Exercise aim: Starting at the first line of the entries, extract each line up to and including the one that contains "constraints: 12 end", but leave out the pictures.

Stored data:

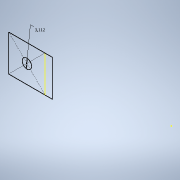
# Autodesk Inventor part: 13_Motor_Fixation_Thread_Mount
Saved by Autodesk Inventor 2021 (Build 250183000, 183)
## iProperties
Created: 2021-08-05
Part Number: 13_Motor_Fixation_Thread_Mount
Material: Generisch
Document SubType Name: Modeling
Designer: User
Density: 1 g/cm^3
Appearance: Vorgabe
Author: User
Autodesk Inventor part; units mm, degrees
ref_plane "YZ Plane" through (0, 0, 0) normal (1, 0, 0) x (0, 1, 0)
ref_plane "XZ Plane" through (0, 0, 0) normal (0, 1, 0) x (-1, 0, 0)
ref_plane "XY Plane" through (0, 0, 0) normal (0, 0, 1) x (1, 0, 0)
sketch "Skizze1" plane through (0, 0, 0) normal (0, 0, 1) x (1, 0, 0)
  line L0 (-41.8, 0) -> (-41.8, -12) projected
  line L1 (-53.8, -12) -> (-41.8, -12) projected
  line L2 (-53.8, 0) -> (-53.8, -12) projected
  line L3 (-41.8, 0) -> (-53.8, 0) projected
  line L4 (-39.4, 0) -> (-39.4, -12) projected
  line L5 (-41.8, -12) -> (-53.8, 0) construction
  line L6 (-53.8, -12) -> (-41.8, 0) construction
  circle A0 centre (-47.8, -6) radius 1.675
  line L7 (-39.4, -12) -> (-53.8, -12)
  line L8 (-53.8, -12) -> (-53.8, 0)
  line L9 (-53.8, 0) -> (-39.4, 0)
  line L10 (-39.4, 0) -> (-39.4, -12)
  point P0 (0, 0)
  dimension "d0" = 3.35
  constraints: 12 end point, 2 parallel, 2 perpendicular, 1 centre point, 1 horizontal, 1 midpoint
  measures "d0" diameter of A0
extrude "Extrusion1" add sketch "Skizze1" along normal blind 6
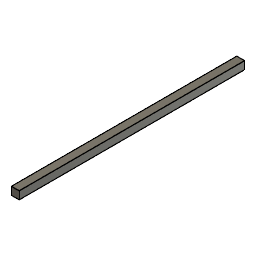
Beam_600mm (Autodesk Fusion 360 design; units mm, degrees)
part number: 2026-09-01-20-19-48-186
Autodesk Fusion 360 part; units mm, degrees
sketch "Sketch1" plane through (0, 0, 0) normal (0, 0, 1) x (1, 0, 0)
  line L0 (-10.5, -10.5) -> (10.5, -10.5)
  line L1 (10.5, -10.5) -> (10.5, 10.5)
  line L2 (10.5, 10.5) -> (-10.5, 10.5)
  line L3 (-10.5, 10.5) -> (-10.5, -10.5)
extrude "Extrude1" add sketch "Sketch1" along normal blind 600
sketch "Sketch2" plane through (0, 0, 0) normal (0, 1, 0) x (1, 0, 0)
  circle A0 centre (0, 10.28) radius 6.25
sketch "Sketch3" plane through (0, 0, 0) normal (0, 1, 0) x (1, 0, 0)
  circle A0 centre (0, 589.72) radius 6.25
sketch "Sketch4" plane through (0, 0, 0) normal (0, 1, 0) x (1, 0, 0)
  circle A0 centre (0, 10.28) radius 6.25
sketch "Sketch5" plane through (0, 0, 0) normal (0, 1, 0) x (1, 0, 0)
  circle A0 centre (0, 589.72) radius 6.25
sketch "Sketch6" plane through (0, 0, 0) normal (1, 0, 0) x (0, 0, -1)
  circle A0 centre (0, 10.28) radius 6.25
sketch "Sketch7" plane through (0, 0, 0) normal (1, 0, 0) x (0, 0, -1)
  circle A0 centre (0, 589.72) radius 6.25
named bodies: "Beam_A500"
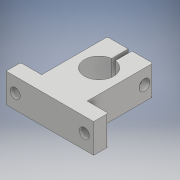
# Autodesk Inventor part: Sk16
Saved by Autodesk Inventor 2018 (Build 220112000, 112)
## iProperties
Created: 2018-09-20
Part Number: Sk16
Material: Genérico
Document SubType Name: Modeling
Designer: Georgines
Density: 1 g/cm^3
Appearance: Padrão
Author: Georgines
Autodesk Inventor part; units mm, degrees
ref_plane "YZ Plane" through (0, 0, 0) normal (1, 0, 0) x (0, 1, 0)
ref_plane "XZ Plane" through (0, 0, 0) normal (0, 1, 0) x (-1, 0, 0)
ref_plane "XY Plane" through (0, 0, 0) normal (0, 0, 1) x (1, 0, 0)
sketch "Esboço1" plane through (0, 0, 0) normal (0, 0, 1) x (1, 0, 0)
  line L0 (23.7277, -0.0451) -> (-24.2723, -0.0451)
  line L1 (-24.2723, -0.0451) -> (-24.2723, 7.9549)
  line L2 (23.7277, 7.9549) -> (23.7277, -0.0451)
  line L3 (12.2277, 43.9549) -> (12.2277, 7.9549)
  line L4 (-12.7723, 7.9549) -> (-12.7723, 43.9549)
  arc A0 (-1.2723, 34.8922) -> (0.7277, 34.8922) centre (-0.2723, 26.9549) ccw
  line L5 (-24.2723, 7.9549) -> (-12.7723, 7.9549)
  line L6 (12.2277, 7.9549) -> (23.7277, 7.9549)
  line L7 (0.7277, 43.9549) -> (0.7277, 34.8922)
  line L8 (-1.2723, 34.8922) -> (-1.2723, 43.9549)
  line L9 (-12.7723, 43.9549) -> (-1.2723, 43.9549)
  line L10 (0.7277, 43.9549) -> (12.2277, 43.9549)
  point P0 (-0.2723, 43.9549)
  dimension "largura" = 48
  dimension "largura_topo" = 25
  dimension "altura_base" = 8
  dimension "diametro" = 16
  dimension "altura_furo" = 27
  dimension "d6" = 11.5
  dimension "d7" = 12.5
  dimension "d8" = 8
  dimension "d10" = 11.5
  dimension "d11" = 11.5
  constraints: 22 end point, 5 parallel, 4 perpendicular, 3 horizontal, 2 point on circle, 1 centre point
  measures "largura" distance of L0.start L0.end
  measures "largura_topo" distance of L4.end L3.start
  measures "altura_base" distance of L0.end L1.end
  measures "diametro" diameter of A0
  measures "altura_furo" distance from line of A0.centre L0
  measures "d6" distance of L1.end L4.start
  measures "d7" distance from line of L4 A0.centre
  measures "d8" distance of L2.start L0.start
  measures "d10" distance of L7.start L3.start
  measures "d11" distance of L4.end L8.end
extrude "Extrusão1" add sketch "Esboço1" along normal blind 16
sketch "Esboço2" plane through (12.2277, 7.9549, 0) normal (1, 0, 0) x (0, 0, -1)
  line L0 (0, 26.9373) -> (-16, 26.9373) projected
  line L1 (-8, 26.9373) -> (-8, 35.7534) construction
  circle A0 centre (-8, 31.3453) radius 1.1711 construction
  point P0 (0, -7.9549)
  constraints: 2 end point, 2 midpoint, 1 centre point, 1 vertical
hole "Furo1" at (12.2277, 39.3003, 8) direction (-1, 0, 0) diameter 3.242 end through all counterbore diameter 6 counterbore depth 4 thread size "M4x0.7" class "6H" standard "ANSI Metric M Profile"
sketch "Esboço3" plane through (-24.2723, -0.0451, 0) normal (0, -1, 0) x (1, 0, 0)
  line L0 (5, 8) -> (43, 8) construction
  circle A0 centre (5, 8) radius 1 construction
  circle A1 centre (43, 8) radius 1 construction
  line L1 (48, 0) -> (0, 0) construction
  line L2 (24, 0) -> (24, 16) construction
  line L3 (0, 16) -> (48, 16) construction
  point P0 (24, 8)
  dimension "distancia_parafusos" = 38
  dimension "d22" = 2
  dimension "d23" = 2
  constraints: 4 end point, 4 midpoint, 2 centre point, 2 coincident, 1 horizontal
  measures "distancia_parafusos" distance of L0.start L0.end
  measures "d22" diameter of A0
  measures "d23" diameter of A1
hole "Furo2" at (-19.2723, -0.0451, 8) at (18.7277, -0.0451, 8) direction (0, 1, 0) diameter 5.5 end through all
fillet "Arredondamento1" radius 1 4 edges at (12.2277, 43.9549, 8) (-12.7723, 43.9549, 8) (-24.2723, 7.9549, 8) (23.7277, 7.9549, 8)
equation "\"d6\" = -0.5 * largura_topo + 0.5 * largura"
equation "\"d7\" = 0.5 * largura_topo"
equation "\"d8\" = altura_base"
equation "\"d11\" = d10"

Solution for this problem:
# Autodesk Inventor part: 13_Motor_Fixation_Thread_Mount
Saved by Autodesk Inventor 2021 (Build 250183000, 183)
## iProperties
Created: 2021-08-05
Part Number: 13_Motor_Fixation_Thread_Mount
Material: Generisch
Document SubType Name: Modeling
Designer: User
Density: 1 g/cm^3
Appearance: Vorgabe
Author: User
Autodesk Inventor part; units mm, degrees
ref_plane "YZ Plane" through (0, 0, 0) normal (1, 0, 0) x (0, 1, 0)
ref_plane "XZ Plane" through (0, 0, 0) normal (0, 1, 0) x (-1, 0, 0)
ref_plane "XY Plane" through (0, 0, 0) normal (0, 0, 1) x (1, 0, 0)
sketch "Skizze1" plane through (0, 0, 0) normal (0, 0, 1) x (1, 0, 0)
  line L0 (-41.8, 0) -> (-41.8, -12) projected
  line L1 (-53.8, -12) -> (-41.8, -12) projected
  line L2 (-53.8, 0) -> (-53.8, -12) projected
  line L3 (-41.8, 0) -> (-53.8, 0) projected
  line L4 (-39.4, 0) -> (-39.4, -12) projected
  line L5 (-41.8, -12) -> (-53.8, 0) construction
  line L6 (-53.8, -12) -> (-41.8, 0) construction
  circle A0 centre (-47.8, -6) radius 1.675
  line L7 (-39.4, -12) -> (-53.8, -12)
  line L8 (-53.8, -12) -> (-53.8, 0)
  line L9 (-53.8, 0) -> (-39.4, 0)
  line L10 (-39.4, 0) -> (-39.4, -12)
  point P0 (0, 0)
  dimension "d0" = 3.35
  constraints: 12 end point, 2 parallel, 2 perpendicular, 1 centre point, 1 horizontal, 1 midpoint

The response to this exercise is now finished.